As we write, ships have been laid up to an extent not seen since the
1970s and understandably owners expect to enjoy reduced insurance
premiums in respect of a vessel no longer trading. Unfortunately for
many there is little scope for return of premium as technical rates are
already less than the level underwriters require for laid up tonnage.

We anticipate that the increase in the laid up fleet may also see a spate
of outstanding claims being presented by ship operators who may
previously have preferred to defer them in the boom market.

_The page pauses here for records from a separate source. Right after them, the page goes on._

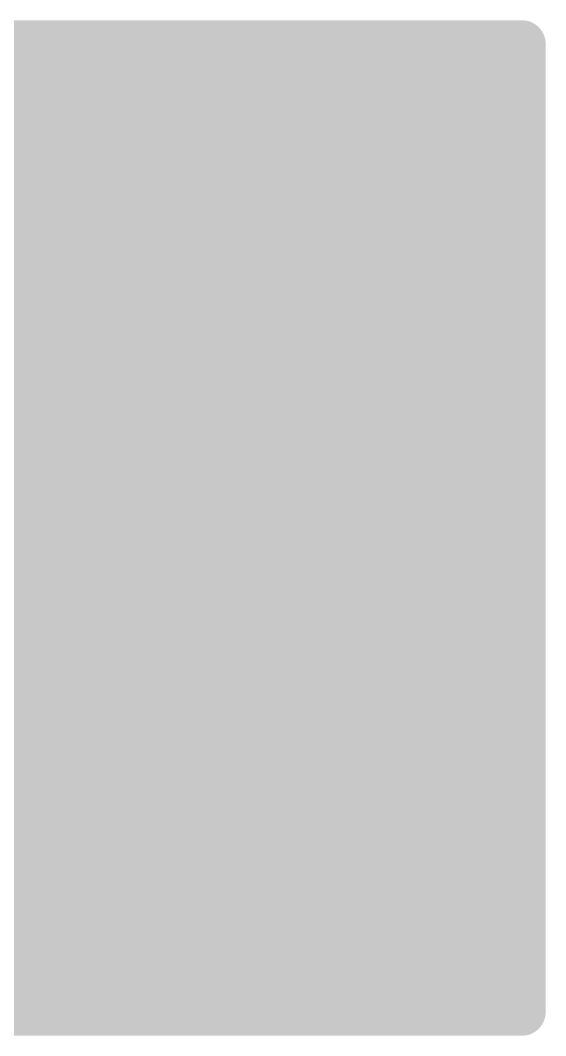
# Model space of a CAD drawing. Extents: x -4 to 157, y -7 to 87.
# Drawn here: x 61.123 to 61.405, y 24.692 to 25.237 of the extents above; entities that cross this region are included whole.
import ezdxf

# ---------------------------------------------------------------- set-up
doc = ezdxf.new("R2010")
doc.units = 0
doc.layers.add('2D_LINE_126', color=255, linetype='CONTINUOUS')

# ---------------------------------------------------------------- blocks, each defined once
blk = doc.blocks.new('SMOOTH_0$0254')
at = {"const_width": 0.0127}
blk.add_lwpolyline([(-0.00635, 0, 1), (0.00635, 0, 1)], format="xyb", close=True, dxfattribs=at)
blk = doc.blocks.new('DRAWING_207')
at = {"layer": '2D_LINE_126', "const_width": 0.0254}
for points in [[(-2.49553, -1.03981), (-0.93582, -1.03981)], [(-1.73668, -1.55972), (-1.21677, -1.03981)], [(-1.73529, -1.55972), (-1.21538, -1.03981)], [(-1.7339, -1.55972), (-1.21399, -1.03981)], [(-1.73251, -1.55972), (-1.2126, -1.03981)], [(-1.73112, -1.55972), (-1.21121, -1.03981)], [(-1.72973, -1.55972), (-1.20982, -1.03981)], [(-1.72834, -1.55972), (-1.20843, -1.03981)], [(-1.72695, -1.55972), (-1.20704, -1.03981)], [(-1.72556, -1.55972), (-1.20566, -1.03981)], [(-1.72417, -1.55972), (-1.20427, -1.03981)], [(-1.72278, -1.55972), (-1.20288, -1.03981)], [(-1.72139, -1.55972), (-1.20149, -1.03981)], [(-1.72001, -1.55972), (-1.2001, -1.03981)], [(-1.71862, -1.55972), (-1.19871, -1.03981)], [(-1.71723, -1.55972), (-1.19732, -1.03981)], [(-1.71584, -1.55972), (-1.19593, -1.03981)], [(-1.71445, -1.55972), (-1.19454, -1.03981)], [(-1.71306, -1.55972), (-1.19315, -1.03981)], [(-1.71167, -1.55972), (-1.19176, -1.03981)], [(-1.71028, -1.55972), (-1.19037, -1.03981)], [(-1.70889, -1.55972), (-1.18898, -1.03981)], [(-1.7075, -1.55972), (-1.18759, -1.03981)], [(-1.70611, -1.55972), (-1.1862, -1.03981)], [(-1.70472, -1.55972), (-1.18481, -1.03981)], [(-1.70333, -1.55972), (-1.18342, -1.03981)], [(-1.70194, -1.55972), (-1.18203, -1.03981)], [(-1.70055, -1.55972), (-1.18065, -1.03981)], [(-1.69916, -1.55972), (-1.17926, -1.03981)], [(-1.69777, -1.55972), (-1.17787, -1.03981)], [(-1.69638, -1.55972), (-1.17648, -1.03981)], [(-1.695, -1.55972), (-1.17509, -1.03981)], [(-1.6936, -1.55972), (-1.1737, -1.03981)], [(-1.69222, -1.55972), (-1.17231, -1.03981)], [(-1.69083, -1.55972), (-1.17092, -1.03981)], [(-1.68944, -1.55972), (-1.16953, -1.03981)], [(-1.68805, -1.55972), (-1.16814, -1.03981)], [(-1.68666, -1.55972), (-1.16675, -1.03981)], [(-1.68527, -1.55972), (-1.16536, -1.03981)], [(-1.68388, -1.55972), (-1.16397, -1.03981)], [(-1.68249, -1.55972), (-1.16258, -1.03981)], [(-1.6811, -1.55972), (-1.16119, -1.03981)], [(-1.67971, -1.55972), (-1.1598, -1.03981)], [(-1.67832, -1.55972), (-1.15841, -1.03981)], [(-1.67693, -1.55972), (-1.15702, -1.03981)], [(-1.67554, -1.55972), (-1.15563, -1.03981)], [(-1.67415, -1.55972), (-1.15425, -1.03981)], [(-1.67276, -1.55972), (-1.15286, -1.03981)], [(-1.67137, -1.55972), (-1.15147, -1.03981)], [(-1.66998, -1.55972), (-1.15008, -1.03981)], [(-1.66859, -1.55972), (-1.14869, -1.03981)], [(-1.66721, -1.55972), (-1.1473, -1.03981)], [(-1.66582, -1.55972), (-1.14591, -1.03981)], [(-1.66443, -1.55972), (-1.14452, -1.03981)], [(-1.66304, -1.55972), (-1.14313, -1.03981)], [(-1.66165, -1.55972), (-1.14174, -1.03981)], [(-1.66026, -1.55972), (-1.14035, -1.03981)], [(-1.65887, -1.55972), (-1.13896, -1.03981)], [(-1.65748, -1.55972), (-1.13757, -1.03981)], [(-1.65609, -1.55972), (-1.13618, -1.03981)], [(-1.6547, -1.55972), (-1.13479, -1.03981)], [(-1.65331, -1.55972), (-1.1334, -1.03981)], [(-1.65192, -1.55972), (-1.13201, -1.03981)], [(-1.65053, -1.55972), (-1.13062, -1.03981)], [(-1.64914, -1.55972), (-1.12923, -1.03981)], [(-1.64775, -1.55972), (-1.12784, -1.03981)], [(-1.64636, -1.55972), (-1.12646, -1.03981)], [(-1.64497, -1.55972), (-1.12507, -1.03981)], [(-1.64358, -1.55972), (-1.12368, -1.03981)], [(-1.6422, -1.55972), (-1.12229, -1.03981)], [(-1.64081, -1.55972), (-1.1209, -1.03981)], [(-1.63942, -1.55972), (-1.11951, -1.03981)], [(-1.63803, -1.55972), (-1.11812, -1.03981)], [(-1.63664, -1.55972), (-1.11673, -1.03981)], [(-1.63525, -1.55972), (-1.11534, -1.03981)], [(-1.63386, -1.55972), (-1.11395, -1.03981)], [(-1.63247, -1.55972), (-1.11256, -1.03981)], [(-1.63108, -1.55972), (-1.11117, -1.03981)], [(-1.62969, -1.55972), (-1.10978, -1.03981)], [(-1.6283, -1.55972), (-1.10839, -1.03981)], [(-1.62691, -1.55972), (-1.107, -1.03981)], [(-1.62552, -1.55972), (-1.10561, -1.03981)], [(-1.62413, -1.55972), (-1.10422, -1.03981)], [(-1.62274, -1.55972), (-1.10284, -1.03981)], [(-1.62135, -1.55972), (-1.10145, -1.03981)], [(-1.61996, -1.55972), (-1.10006, -1.03981)], [(-1.61857, -1.55972), (-1.09867, -1.03981)], [(-1.61718, -1.55972), (-1.09728, -1.03981)], [(-1.6158, -1.55972), (-1.09589, -1.03981)], [(-1.61441, -1.55972), (-1.0945, -1.03981)], [(-1.61302, -1.55972), (-1.09311, -1.03981)], [(-1.61163, -1.55972), (-1.09172, -1.03981)], [(-1.61024, -1.55972), (-1.09033, -1.03981)], [(-1.60885, -1.55972), (-1.08894, -1.03981)], [(-1.60746, -1.55972), (-1.08755, -1.03981)], [(-1.60607, -1.55972), (-1.08616, -1.03981)], [(-1.60468, -1.55972), (-1.08477, -1.03981)], [(-1.60329, -1.55972), (-1.08338, -1.03981)], [(-1.6019, -1.55972), (-1.08199, -1.03981)], [(-1.60051, -1.55972), (-1.0806, -1.03981)], [(-1.59912, -1.55972), (-1.07921, -1.03981)], [(-1.59773, -1.55972), (-1.07783, -1.03981)], [(-1.59634, -1.55972), (-1.07643, -1.03981)], [(-1.59495, -1.55972), (-1.07505, -1.03981)], [(-1.59356, -1.55972), (-1.07366, -1.03981)], [(-1.59217, -1.55972), (-1.07227, -1.03981)], [(-1.59078, -1.55972), (-1.07088, -1.03981)], [(-1.5894, -1.55972), (-1.06949, -1.03981)], [(-1.58801, -1.55972), (-1.0681, -1.03981)], [(-1.58662, -1.55972), (-1.06671, -1.03981)], [(-1.58523, -1.55972), (-1.06532, -1.03981)], [(-1.58384, -1.55972), (-1.06393, -1.03981)], [(-1.58245, -1.55972), (-1.06254, -1.03981)], [(-1.58106, -1.55972), (-1.06115, -1.03981)], [(-1.57967, -1.55972), (-1.05976, -1.03981)], [(-1.57828, -1.55972), (-1.05837, -1.03981)], [(-1.57689, -1.55972), (-1.05698, -1.03981)], [(-1.5755, -1.55972), (-1.05559, -1.03981)], [(-1.57411, -1.55972), (-1.0542, -1.03981)], [(-1.57272, -1.55972), (-1.05281, -1.03981)], [(-1.57133, -1.55972), (-1.05142, -1.03981)], [(-1.56994, -1.55972), (-1.05003, -1.03981)], [(-1.56855, -1.55972), (-1.04865, -1.03981)], [(-1.56716, -1.55972), (-1.04726, -1.03981)], [(-1.56577, -1.55972), (-1.04587, -1.03981)], [(-1.56439, -1.55972), (-1.04448, -1.03981)], [(-1.563, -1.55972), (-1.04309, -1.03981)], [(-1.56161, -1.55972), (-1.0417, -1.03981)], [(-1.56022, -1.55972), (-1.04031, -1.03981)], [(-1.55883, -1.55972), (-1.03892, -1.03981)], [(-1.55744, -1.55972), (-1.03753, -1.03981)], [(-1.55605, -1.55972), (-1.03614, -1.03981)], [(-1.55466, -1.55972), (-1.03475, -1.03981)], [(-1.55327, -1.55972), (-1.03336, -1.03981)], [(-1.55188, -1.55972), (-1.03197, -1.03981)], [(-1.55049, -1.55972), (-1.03058, -1.03981)], [(-1.5491, -1.55972), (-1.02919, -1.03981)], [(-1.54771, -1.55972), (-1.0278, -1.03981)], [(-1.54632, -1.55972), (-1.02641, -1.03981)], [(-1.54493, -1.55972), (-1.02503, -1.03981)], [(-1.54354, -1.55972), (-1.02364, -1.03981)], [(-1.54215, -1.55972), (-1.02225, -1.03981)], [(-1.54076, -1.55972), (-1.02086, -1.03981)], [(-1.53937, -1.55972), (-1.01947, -1.03981)], [(-1.53798, -1.55972), (-1.01808, -1.03981)], [(-1.5366, -1.55972), (-1.01669, -1.03981)], [(-1.53521, -1.55972), (-1.0153, -1.03981)], [(-1.53382, -1.55972), (-1.01391, -1.03981)], [(-1.53243, -1.55972), (-1.01252, -1.03981)], [(-1.53104, -1.55972), (-1.01113, -1.03981)], [(-1.52965, -1.55972), (-1.00974, -1.03981)], [(-1.52826, -1.55972), (-1.00835, -1.03981)], [(-1.52687, -1.55972), (-1.00696, -1.03981)], [(-1.52548, -1.55972), (-1.00557, -1.03981)], [(-1.52409, -1.55972), (-1.00418, -1.03981)], [(-1.5227, -1.55972), (-1.00279, -1.03981)], [(-1.52131, -1.55972), (-1.0014, -1.03981)], [(-1.51992, -1.55972), (-1.00001, -1.03981)], [(-1.51853, -1.55972), (-0.99863, -1.03981)], [(-1.51714, -1.55972), (-0.99723, -1.03981)], [(-1.51575, -1.55972), (-0.99585, -1.03981)], [(-1.51436, -1.55972), (-0.99446, -1.03981)], [(-1.51297, -1.55972), (-0.99307, -1.03981)], [(-1.51159, -1.55972), (-0.99168, -1.03981)], [(-1.5102, -1.55972), (-0.99029, -1.03981)], [(-1.50881, -1.55972), (-0.9889, -1.03981)], [(-1.50742, -1.55972), (-0.98751, -1.03981)], [(-1.50603, -1.55972), (-0.98612, -1.03981)], [(-1.50464, -1.55972), (-0.98473, -1.03981)], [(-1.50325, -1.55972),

In spite of this, capacity in London has remained relatively stable,


though there have been some personnel changes. Swiss Re recently
lost almost their entire marine team to Montpelier Re. Swiss Re in
turn brought in Aon’s Peter Townsend and Lee Bright. Ian Henstridge,
the senior Hull underwriter at the Catlin syndicate, is moving to the
Amlin syndicate. David Vale departed Allianz for the Brit Syndicate
and was replaced by Brian Cheney from Gard. Potentially, these
moves may result in changes to the underwriting philosophy of
these insurers.

Of all the international markets, the USA seems the least enthusiastic
about international blue water business. The American Hull Syndicate
continues to review their strategy. Navigators have shown an interest
in being the lead on some business but only when it fits in with their
independent underwriting philosophy. Other insurers, notably
AIG and CV Starr have been prepared to consider shares, following
markets such as London.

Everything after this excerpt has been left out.